Your assignment = Find "for name, color, linetype, lineweight" and "each defined once" in the records below. Copy the lines holding them and every line between, exactly, and no others.

Entries supplied =
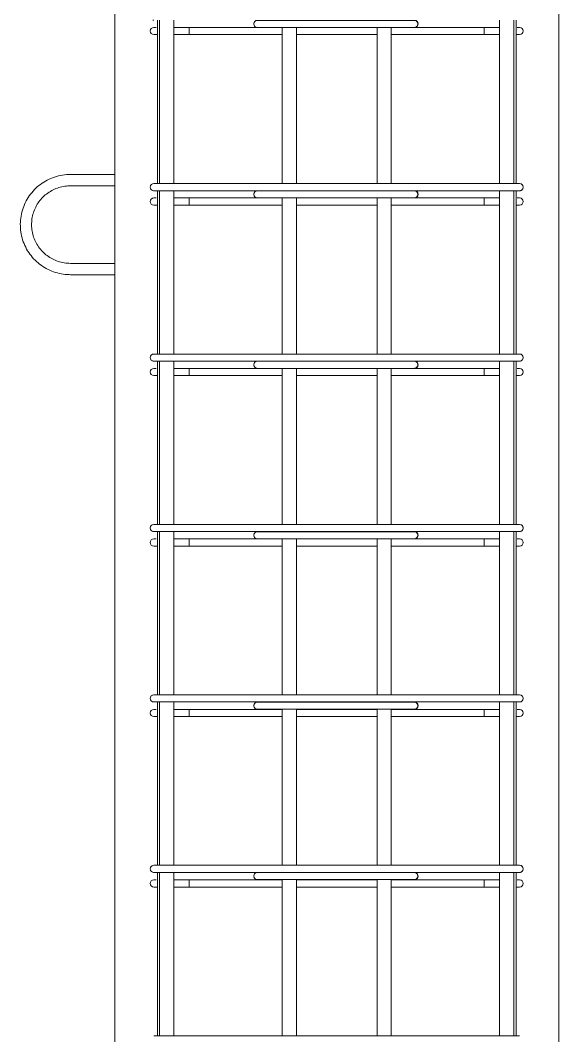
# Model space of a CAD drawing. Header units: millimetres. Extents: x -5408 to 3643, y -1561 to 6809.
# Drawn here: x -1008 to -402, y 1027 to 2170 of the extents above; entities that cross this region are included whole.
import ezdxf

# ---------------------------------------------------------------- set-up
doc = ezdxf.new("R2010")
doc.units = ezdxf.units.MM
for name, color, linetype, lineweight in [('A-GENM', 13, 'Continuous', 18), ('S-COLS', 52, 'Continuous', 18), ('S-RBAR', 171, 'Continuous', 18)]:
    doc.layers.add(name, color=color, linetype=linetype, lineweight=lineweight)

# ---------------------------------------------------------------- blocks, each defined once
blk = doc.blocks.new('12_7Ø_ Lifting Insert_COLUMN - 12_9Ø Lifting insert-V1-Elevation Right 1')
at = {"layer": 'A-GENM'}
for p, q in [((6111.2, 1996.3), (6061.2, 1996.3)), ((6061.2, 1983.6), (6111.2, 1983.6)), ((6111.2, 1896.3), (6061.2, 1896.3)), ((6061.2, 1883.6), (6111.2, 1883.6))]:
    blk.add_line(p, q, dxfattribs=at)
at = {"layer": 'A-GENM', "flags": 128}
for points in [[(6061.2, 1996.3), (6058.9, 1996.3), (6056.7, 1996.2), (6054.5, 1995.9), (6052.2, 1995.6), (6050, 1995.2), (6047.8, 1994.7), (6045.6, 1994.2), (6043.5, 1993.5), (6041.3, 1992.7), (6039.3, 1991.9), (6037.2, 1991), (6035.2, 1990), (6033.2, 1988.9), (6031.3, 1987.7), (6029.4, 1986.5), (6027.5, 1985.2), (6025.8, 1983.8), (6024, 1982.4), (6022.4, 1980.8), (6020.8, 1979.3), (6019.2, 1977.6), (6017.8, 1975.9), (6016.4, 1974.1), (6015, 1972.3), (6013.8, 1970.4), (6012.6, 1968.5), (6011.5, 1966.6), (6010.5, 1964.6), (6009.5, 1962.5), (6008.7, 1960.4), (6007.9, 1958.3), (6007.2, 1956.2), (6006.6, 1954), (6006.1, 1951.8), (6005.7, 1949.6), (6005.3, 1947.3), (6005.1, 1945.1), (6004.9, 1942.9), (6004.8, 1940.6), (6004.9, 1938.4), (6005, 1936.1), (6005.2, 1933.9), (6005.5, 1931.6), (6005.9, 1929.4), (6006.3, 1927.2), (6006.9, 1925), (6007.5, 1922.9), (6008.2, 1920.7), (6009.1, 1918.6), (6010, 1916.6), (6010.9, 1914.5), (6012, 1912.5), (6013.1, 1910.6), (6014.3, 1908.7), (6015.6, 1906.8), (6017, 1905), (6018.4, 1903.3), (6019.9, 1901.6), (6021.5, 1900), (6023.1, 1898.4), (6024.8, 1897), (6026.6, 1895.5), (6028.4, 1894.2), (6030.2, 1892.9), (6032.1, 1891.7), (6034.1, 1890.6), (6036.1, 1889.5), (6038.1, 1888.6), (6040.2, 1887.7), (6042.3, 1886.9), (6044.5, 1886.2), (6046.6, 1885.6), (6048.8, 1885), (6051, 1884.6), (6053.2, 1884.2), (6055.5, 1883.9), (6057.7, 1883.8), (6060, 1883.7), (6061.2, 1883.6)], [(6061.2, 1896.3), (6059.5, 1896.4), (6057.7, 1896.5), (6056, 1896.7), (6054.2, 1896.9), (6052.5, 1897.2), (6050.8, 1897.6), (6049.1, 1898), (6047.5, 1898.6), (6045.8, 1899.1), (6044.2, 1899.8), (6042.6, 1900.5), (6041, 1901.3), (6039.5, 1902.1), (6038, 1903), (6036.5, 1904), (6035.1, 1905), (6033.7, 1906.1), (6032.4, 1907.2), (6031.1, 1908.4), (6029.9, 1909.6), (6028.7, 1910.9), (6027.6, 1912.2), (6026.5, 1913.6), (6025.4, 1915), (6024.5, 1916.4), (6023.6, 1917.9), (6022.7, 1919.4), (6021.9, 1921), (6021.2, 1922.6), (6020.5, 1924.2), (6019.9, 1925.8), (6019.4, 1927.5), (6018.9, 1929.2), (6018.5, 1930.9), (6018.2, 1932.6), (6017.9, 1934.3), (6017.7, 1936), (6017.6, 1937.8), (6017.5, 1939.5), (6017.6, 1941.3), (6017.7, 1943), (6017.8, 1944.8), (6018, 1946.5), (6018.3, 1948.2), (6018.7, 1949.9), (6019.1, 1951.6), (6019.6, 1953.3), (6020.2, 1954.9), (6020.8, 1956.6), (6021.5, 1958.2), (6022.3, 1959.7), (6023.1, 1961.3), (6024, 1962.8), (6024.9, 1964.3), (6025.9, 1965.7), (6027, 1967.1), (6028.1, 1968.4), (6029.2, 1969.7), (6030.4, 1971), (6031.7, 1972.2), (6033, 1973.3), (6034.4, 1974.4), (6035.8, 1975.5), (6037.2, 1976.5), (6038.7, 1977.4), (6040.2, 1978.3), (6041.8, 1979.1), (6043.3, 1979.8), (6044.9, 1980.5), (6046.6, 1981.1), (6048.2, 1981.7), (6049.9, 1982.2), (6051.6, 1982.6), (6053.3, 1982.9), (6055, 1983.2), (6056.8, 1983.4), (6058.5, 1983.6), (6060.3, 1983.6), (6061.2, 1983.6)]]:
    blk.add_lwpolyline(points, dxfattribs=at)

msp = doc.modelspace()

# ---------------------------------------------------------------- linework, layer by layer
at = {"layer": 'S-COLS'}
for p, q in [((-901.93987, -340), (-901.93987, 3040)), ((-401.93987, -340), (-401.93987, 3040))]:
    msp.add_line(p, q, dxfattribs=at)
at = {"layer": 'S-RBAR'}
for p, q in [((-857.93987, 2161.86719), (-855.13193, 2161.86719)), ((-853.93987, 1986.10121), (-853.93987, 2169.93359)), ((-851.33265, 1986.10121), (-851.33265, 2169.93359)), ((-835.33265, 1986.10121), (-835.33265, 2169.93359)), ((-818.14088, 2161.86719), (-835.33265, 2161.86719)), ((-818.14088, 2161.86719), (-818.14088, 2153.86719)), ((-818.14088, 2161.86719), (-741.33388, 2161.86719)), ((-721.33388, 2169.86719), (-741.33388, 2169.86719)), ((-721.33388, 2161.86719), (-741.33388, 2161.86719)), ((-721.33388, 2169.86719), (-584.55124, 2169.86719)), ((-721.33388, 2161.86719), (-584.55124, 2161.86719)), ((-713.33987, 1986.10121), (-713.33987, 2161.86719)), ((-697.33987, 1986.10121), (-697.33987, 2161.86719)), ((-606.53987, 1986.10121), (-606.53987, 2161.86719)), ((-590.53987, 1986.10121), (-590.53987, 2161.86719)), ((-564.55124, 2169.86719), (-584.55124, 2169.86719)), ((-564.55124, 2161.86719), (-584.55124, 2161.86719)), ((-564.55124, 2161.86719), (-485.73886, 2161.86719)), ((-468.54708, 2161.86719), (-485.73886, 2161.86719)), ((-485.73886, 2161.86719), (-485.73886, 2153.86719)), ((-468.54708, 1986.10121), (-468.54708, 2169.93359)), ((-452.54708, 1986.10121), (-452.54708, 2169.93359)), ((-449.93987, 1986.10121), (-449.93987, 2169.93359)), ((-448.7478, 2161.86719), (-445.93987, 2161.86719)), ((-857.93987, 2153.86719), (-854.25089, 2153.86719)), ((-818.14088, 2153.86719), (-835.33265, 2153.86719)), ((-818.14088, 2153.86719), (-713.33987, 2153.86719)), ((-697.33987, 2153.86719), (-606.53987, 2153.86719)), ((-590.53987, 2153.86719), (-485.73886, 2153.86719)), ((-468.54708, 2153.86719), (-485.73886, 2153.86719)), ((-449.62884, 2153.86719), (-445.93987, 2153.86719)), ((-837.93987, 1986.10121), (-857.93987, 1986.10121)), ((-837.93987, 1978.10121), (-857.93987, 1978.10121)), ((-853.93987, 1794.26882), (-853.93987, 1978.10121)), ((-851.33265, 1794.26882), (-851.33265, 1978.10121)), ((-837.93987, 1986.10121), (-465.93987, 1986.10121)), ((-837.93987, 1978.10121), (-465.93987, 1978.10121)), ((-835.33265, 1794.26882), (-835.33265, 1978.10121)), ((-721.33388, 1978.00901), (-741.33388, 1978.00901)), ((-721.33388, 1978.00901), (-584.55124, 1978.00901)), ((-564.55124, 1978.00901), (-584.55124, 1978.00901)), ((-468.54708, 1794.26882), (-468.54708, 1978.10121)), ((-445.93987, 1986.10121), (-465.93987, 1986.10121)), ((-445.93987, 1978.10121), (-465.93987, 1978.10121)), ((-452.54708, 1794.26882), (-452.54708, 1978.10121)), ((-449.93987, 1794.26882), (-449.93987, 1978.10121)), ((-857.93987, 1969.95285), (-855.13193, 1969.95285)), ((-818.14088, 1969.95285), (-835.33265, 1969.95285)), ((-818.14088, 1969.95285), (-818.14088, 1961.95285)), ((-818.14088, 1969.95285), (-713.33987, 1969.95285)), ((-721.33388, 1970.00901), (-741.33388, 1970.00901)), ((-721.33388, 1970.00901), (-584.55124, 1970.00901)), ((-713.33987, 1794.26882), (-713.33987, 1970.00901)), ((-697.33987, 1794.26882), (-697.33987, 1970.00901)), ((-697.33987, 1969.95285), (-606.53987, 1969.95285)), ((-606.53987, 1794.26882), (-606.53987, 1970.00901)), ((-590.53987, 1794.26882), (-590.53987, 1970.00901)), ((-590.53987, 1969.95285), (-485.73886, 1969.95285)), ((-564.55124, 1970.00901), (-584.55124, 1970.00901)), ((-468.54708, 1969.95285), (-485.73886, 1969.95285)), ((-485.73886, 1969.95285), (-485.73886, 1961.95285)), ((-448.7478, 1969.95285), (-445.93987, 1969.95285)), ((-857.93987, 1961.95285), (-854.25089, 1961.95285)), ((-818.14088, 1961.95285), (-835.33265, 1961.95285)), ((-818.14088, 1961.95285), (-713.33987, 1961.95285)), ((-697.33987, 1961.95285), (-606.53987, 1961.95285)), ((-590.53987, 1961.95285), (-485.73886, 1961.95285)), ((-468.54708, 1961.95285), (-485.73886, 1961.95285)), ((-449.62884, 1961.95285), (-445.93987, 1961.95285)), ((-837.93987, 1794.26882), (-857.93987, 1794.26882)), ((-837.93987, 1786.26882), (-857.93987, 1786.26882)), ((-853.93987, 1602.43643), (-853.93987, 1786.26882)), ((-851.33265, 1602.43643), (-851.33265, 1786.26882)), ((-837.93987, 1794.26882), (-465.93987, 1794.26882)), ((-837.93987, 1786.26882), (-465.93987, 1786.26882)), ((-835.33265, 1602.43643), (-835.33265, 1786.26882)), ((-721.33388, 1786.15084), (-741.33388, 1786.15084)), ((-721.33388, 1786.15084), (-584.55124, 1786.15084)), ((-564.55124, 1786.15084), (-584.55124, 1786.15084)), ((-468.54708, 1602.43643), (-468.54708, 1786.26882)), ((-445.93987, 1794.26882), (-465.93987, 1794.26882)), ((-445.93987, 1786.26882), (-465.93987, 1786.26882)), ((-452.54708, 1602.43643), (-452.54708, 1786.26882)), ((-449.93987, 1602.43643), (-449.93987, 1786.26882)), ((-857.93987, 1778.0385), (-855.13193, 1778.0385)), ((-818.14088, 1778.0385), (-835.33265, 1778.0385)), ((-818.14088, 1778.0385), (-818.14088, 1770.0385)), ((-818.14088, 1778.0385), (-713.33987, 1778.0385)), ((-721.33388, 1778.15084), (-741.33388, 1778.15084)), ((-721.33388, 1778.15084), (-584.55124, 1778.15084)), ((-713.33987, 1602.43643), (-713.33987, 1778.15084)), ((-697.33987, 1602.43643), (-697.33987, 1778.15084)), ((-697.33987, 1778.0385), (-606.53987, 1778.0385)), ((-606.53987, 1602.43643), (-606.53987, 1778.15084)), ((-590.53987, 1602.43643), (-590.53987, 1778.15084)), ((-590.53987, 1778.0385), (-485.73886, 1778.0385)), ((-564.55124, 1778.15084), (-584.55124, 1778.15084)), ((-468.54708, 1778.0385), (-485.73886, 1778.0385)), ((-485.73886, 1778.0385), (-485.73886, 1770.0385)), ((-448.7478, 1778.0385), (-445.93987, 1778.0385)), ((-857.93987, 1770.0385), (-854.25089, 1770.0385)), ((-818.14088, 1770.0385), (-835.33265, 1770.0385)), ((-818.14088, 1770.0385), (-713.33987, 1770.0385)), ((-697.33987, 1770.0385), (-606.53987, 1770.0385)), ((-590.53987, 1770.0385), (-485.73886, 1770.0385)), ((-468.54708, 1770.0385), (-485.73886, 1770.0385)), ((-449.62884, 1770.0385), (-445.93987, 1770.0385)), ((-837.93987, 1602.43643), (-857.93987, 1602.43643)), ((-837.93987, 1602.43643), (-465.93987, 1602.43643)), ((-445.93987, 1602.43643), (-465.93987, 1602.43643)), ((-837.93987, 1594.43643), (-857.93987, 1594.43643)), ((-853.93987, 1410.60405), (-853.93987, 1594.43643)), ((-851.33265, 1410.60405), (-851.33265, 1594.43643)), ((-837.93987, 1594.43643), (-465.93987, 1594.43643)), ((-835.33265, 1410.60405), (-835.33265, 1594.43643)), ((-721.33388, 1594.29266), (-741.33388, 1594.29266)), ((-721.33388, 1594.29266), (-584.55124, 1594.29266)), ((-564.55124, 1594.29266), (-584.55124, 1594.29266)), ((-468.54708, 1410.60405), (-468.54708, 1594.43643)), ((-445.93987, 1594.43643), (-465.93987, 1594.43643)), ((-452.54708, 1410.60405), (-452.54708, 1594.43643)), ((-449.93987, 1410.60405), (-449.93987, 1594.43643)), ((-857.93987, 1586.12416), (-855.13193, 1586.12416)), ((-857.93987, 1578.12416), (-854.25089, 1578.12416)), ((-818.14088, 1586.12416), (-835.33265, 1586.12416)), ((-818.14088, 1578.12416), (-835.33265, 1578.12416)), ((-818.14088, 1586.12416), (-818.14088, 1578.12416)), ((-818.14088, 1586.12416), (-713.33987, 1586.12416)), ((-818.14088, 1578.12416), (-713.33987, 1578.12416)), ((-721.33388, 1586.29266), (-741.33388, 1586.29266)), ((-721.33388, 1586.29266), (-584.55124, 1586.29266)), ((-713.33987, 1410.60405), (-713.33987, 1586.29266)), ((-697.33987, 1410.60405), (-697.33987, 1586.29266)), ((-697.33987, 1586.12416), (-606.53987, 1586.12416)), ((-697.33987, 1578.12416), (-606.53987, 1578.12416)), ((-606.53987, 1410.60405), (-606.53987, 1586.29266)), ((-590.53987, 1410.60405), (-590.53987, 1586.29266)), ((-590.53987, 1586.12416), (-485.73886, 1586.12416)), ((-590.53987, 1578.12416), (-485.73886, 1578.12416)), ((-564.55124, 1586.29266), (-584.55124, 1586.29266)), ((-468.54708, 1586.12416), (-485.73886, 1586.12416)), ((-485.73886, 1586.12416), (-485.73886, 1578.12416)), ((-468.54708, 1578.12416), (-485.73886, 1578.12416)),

Problem solution =
for name, color, linetype, lineweight in [('A-GENM', 13, 'Continuous', 18), ('S-COLS', 52, 'Continuous', 18), ('S-RBAR', 171, 'Continuous', 18)]:
    doc.layers.add(name, color=color, linetype=linetype, lineweight=lineweight)

# ---------------------------------------------------------------- blocks, each defined once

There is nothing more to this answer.